Spoiler: Lana and Zelda Fighting Over a Link Body Pillow













Spoiler: Kingdom Hearts Mistletoe Mischief













Spoiler: Hatching a Lapras













Spoiler: ACNL Remake













Spoiler: Persona 5 Protagonist and Futaba













Spoiler: Marth's Anime Decision











I also have a Lana one, but it's kind of inappropriate lol. I realize these aren't expertly done because I'm no expert, but regardless I have fun making them. I hope you enjoy!


----------



## Hatori (Dec 4, 2015)

My favorite will always be this one:



DarkDesertFox said:


> Spoiler: Marth Pushing a Mini Wario in a Baby Stroller



I've never really tried doing any animations myself but very nice work! I like the simplicity and sillyness of them!


----------



## DarkDesertFox (Dec 4, 2015)

Hatori said:


> My favorite will always be this one:
> 
> I've never really tried doing any animations myself but very nice work! I like the simplicity and sillyness of them!



Thank you! Yeah, I'm hoping doing more of these will help me improve. Unrelated, but nice Zankyou no Terror signature.


----------



## Hatori (Dec 4, 2015)

DarkDesertFox said:


> Thank you! Yeah, I'm hoping doing more of these will help me improve. Unrelated, but nice Zankyou no Terror signature.
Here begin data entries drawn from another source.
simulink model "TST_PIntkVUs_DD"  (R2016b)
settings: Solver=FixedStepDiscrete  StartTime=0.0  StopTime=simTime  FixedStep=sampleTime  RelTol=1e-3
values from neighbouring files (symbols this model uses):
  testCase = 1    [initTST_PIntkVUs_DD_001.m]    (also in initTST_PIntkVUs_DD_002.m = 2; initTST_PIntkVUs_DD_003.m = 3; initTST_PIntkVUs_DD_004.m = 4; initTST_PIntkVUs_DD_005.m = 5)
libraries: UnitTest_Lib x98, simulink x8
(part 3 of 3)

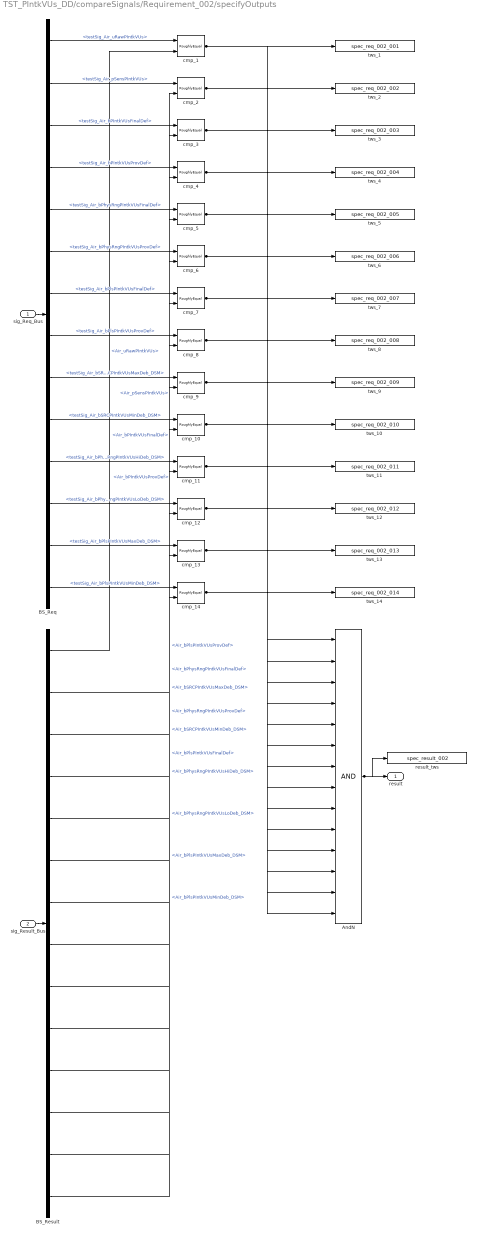
== system TST_PIntkVUs_DD/compareSignals/Requirement_002/specifyOutputs ==
  sig_Req_Bus : Inport
  sig_Result_Bus : Inport  Port=2
  AndN : Logic  Inputs=14
  BS_Req : BusSelector  OutputSignals=testSig_Air_uRawPIntkVUs,testSig_Air_pSensPIntkVUs,testSig_Air_bPIntkVUsFinalDef,testSig_Air_bPIntkVUsProvDef,testSig_Air_bPhysRngPIntkVUsFinalDef,testSig_Air_bPhysRngPIntkVUsProvDef,testSig_Air_bPlsPIntkVUsFinalDef,testSig_Air_bPlsPIntkVUsProvDef,testSig_Air_bSRCPIntkVUsMaxDeb_DSM,testSig_Air_bSRCPIntkVUsMinDeb_DSM,testSig_Air_bPhysRngPIntkVUsHiDeb_DSM,testSig_Air_bPhysRngPIntkVUsLoDeb_DSM,testSig_Air_bPlsPIntkVUsMaxDeb_DSM,testSig_Air_bPlsPIntkVUsMinDeb_DSM
  BS_Result : BusSelector  OutputSignals=Air_uRawPIntkVUs,Air_pSensPIntkVUs,Air_bPIntkVUsFinalDef,Air_bPIntkVUsProvDef,Air_bPhysRngPIntkVUsFinalDef,Air_bPhysRngPIntkVUsProvDef,Air_bPlsPIntkVUsFinalDef,Air_bPlsPIntkVUsProvDef,Air_bSRCPIntkVUsMaxDeb_DSM,Air_bSRCPIntkVUsMinDeb_DSM,Air_bPhysRngPIntkVUsHiDeb_DSM,Air_bPhysRngPIntkVUsLoDeb_DSM,Air_bPlsPIntkVUsMaxDeb_DSM,Air_bPlsPIntkVUsMinDeb_DSM
  cmp_{1..14} (14 alike) : UnitTest_Lib/RoughlyEqual  slope=0.1
  result_tws : ToWorkspace  VariableName=spec_result_002
  tws_1 : ToWorkspace  VariableName=spec_req_002_001
  tws_10 : ToWorkspace  VariableName=spec_req_002_010
  tws_11 : ToWorkspace  VariableName=spec_req_002_011
  tws_12 : ToWorkspace  VariableName=spec_req_002_012
  tws_13 : ToWorkspace  VariableName=spec_req_002_013
  tws_14 : ToWorkspace  VariableName=spec_req_002_014
  tws_2 : ToWorkspace  VariableName=spec_req_002_002
  tws_3 : ToWorkspace  VariableName=spec_req_002_003
  tws_4 : ToWorkspace  VariableName=spec_req_002_004
  tws_5 : ToWorkspace  VariableName=spec_req_002_005
  tws_6 : ToWorkspace  VariableName=spec_req_002_006
  tws_7 : ToWorkspace  VariableName=spec_req_002_007
  tws_8 : ToWorkspace  VariableName=spec_req_002_008
  tws_9 : ToWorkspace  VariableName=spec_req_002_009
  result : Outport
  wires:
  sig_Req_Bus/1 -> BS_Req/1
  sig_Result_Bus/1 -> BS_Result/1
  AndN/1 -> result/1, result_tws/1
  BS_Req/1 -> cmp_1/1  "<testSig_Air_uRawPIntkVUs>"
  BS_Result/1 -> cmp_1/2  "<Air_uRawPIntkVUs>"
  cmp_1/1 -> tws_1/1, AndN/1
  BS_Req/2 -> cmp_2/1  "<testSig_Air_pSensPIntkVUs>"
  BS_Result/2 -> cmp_2/2  "<Air_pSensPIntkVUs>"
  cmp_2/1 -> tws_2/1, AndN/2
  BS_Req/3 -> cmp_3/1  "<testSig_Air_bPIntkVUsFinalDef>"
  BS_Result/3 -> cmp_3/2  "<Air_bPIntkVUsFinalDef>"
  cmp_3/1 -> tws_3/1, AndN/3
  BS_Req/4 -> cmp_4/1  "<testSig_Air_bPIntkVUsProvDef>"
  BS_Result/4 -> cmp_4/2  "<Air_bPIntkVUsProvDef>"
  cmp_4/1 -> tws_4/1, AndN/4
  BS_Req/5 -> cmp_5/1  "<testSig_Air_bPhysRngPIntkVUsFinalDef>"
  BS_Result/5 -> cmp_5/2  "<Air_bPhysRngPIntkVUsFinalDef>"
  cmp_5/1 -> tws_5/1, AndN/5
  BS_Req/6 -> cmp_6/1  "<testSig_Air_bPhysRngPIntkVUsProvDef>"
  BS_Result/6 -> cmp_6/2  "<Air_bPhysRngPIntkVUsProvDef>"
  cmp_6/1 -> tws_6/1, AndN/6
  BS_Req/7 -> cmp_7/1  "<testSig_Air_bPlsPIntkVUsFinalDef>"
  BS_Result/7 -> cmp_7/2  "<Air_bPlsPIntkVUsFinalDef>"
  cmp_7/1 -> tws_7/1, AndN/7
  BS_Req/8 -> cmp_8/1  "<testSig_Air_bPlsPIntkVUsProvDef>"
  BS_Result/8 -> cmp_8/2  "<Air_bPlsPIntkVUsProvDef>"
  cmp_8/1 -> tws_8/1, AndN/8
  BS_Req/9 -> cmp_9/1  "<testSig_Air_bSRCPIntkVUsMaxDeb_DSM>"
  BS_Result/9 -> cmp_9/2  "<Air_bSRCPIntkVUsMaxDeb_DSM>"
  cmp_9/1 -> tws_9/1, AndN/9
  BS_Req/10 -> cmp_10/1  "<testSig_Air_bSRCPIntkVUsMinDeb_DSM>"
  BS_Result/10 -> cmp_10/2  "<Air_bSRCPIntkVUsMinDeb_DSM>"
  cmp_10/1 -> tws_10/1, AndN/10
  BS_Req/11 -> cmp_11/1  "<testSig_Air_bPhysRngPIntkVUsHiDeb_DSM>"
  BS_Result/11 -> cmp_11/2  "<Air_bPhysRngPIntkVUsHiDeb_DSM>"
  cmp_11/1 -> tws_11/1, AndN/11
  BS_Req/12 -> cmp_12/1  "<testSig_Air_bPhysRngPIntkVUsLoDeb_DSM>"
  BS_Result/12 -> cmp_12/2  "<Air_bPhysRngPIntkVUsLoDeb_DSM>"
  cmp_12/1 -> tws_12/1, AndN/12
  BS_Req/13 -> cmp_13/1  "<testSig_Air_bPlsPIntkVUsMaxDeb_DSM>"
  BS_Result/13 -> cmp_13/2  "<Air_bPlsPIntkVUsMaxDeb_DSM>"
  cmp_13/1 -> tws_13/1, AndN/13
  BS_Req/14 -> cmp_14/1  "<testSig_Air_bPlsPIntkVUsMinDeb_DSM>"
  BS_Result/14 -> cmp_14/2  "<Air_bPlsPIntkVUsMinDeb_DSM>"
  cmp_14/1 -> tws_14/1, AndN/14

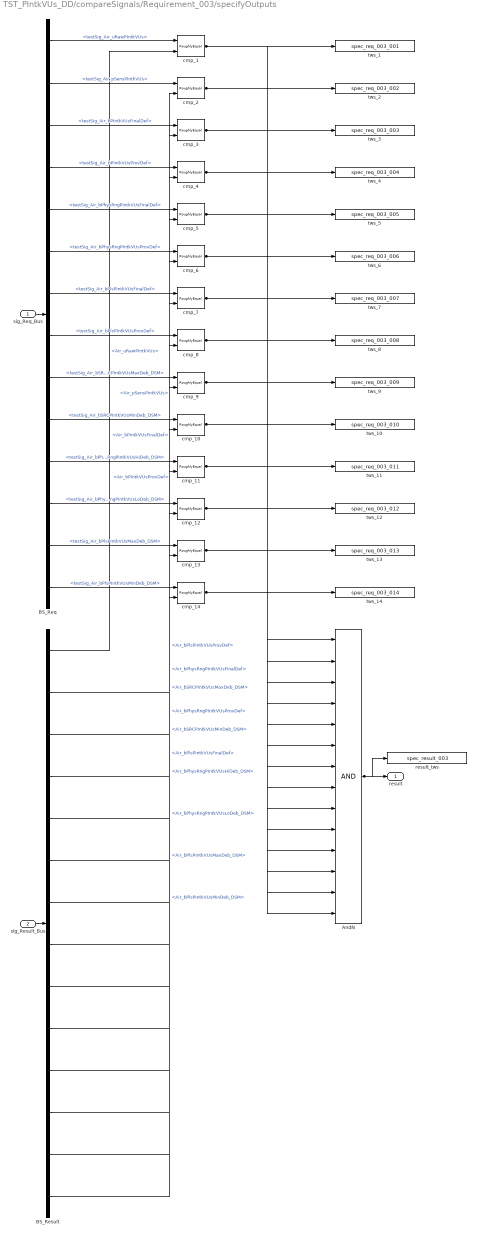
== system TST_PIntkVUs_DD/compareSignals/Requirement_003/specifyOutputs ==
  sig_Req_Bus : Inport
  sig_Result_Bus : Inport  Port=2
  AndN : Logic  Inputs=14
  BS_Req : BusSelector  OutputSignals=testSig_Air_uRawPIntkVUs,testSig_Air_pSensPIntkVUs,testSig_Air_bPIntkVUsFinalDef,testSig_Air_bPIntkVUsProvDef,testSig_Air_bPhysRngPIntkVUsFinalDef,testSig_Air_bPhysRngPIntkVUsProvDef,testSig_Air_bPlsPIntkVUsFinalDef,testSig_Air_bPlsPIntkVUsProvDef,testSig_Air_bSRCPIntkVUsMaxDeb_DSM,testSig_Air_bSRCPIntkVUsMinDeb_DSM,testSig_Air_bPhysRngPIntkVUsHiDeb_DSM,testSig_Air_bPhysRngPIntkVUsLoDeb_DSM,testSig_Air_bPlsPIntkVUsMaxDeb_DSM,testSig_Air_bPlsPIntkVUsMinDeb_DSM
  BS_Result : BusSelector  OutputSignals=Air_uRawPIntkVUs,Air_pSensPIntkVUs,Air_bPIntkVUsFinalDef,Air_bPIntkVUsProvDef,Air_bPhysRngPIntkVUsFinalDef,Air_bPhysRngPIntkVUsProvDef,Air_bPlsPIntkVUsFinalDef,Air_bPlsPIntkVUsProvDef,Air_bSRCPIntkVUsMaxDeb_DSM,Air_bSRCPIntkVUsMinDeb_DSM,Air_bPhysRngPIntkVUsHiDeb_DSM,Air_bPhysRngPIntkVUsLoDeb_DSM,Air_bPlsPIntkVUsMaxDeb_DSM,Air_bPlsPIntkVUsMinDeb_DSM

No problem! I'm sure they will! Practice makes perfect

And thanks!


----------



## zeoli (Dec 5, 2015)

DarkDesertFox said:


> Spoiler: Link Fighting a Cucco



reports u for animal abuse, nerd.


----------



## Kuroh (Dec 5, 2015)

important: is Marth the father of that Wario


----------



## teto (Dec 5, 2015)

umeiko said:


> important: is Marth the father of that Wario



pretty sure Marth just stole the Wario

also I love the animations they're cute n funny <3


----------



## merve-chan (Dec 5, 2015)

I can't the.. the one with miku in the sonic suit really got me laughing loud! Keep up the good job!


----------



## DarkDesertFox (Dec 5, 2015)

Thanks guys! My sister asked me to do a sexy Marth and...


----------



## EtchaSketch (Dec 5, 2015)

This is probably my favorite thread xD


----------



## derezzed (Dec 5, 2015)

I don't know what I expected when I clicked on this thread but it definitely wasn't this. 
This is a nice surprise, to say the least. A+ animations dude ;-]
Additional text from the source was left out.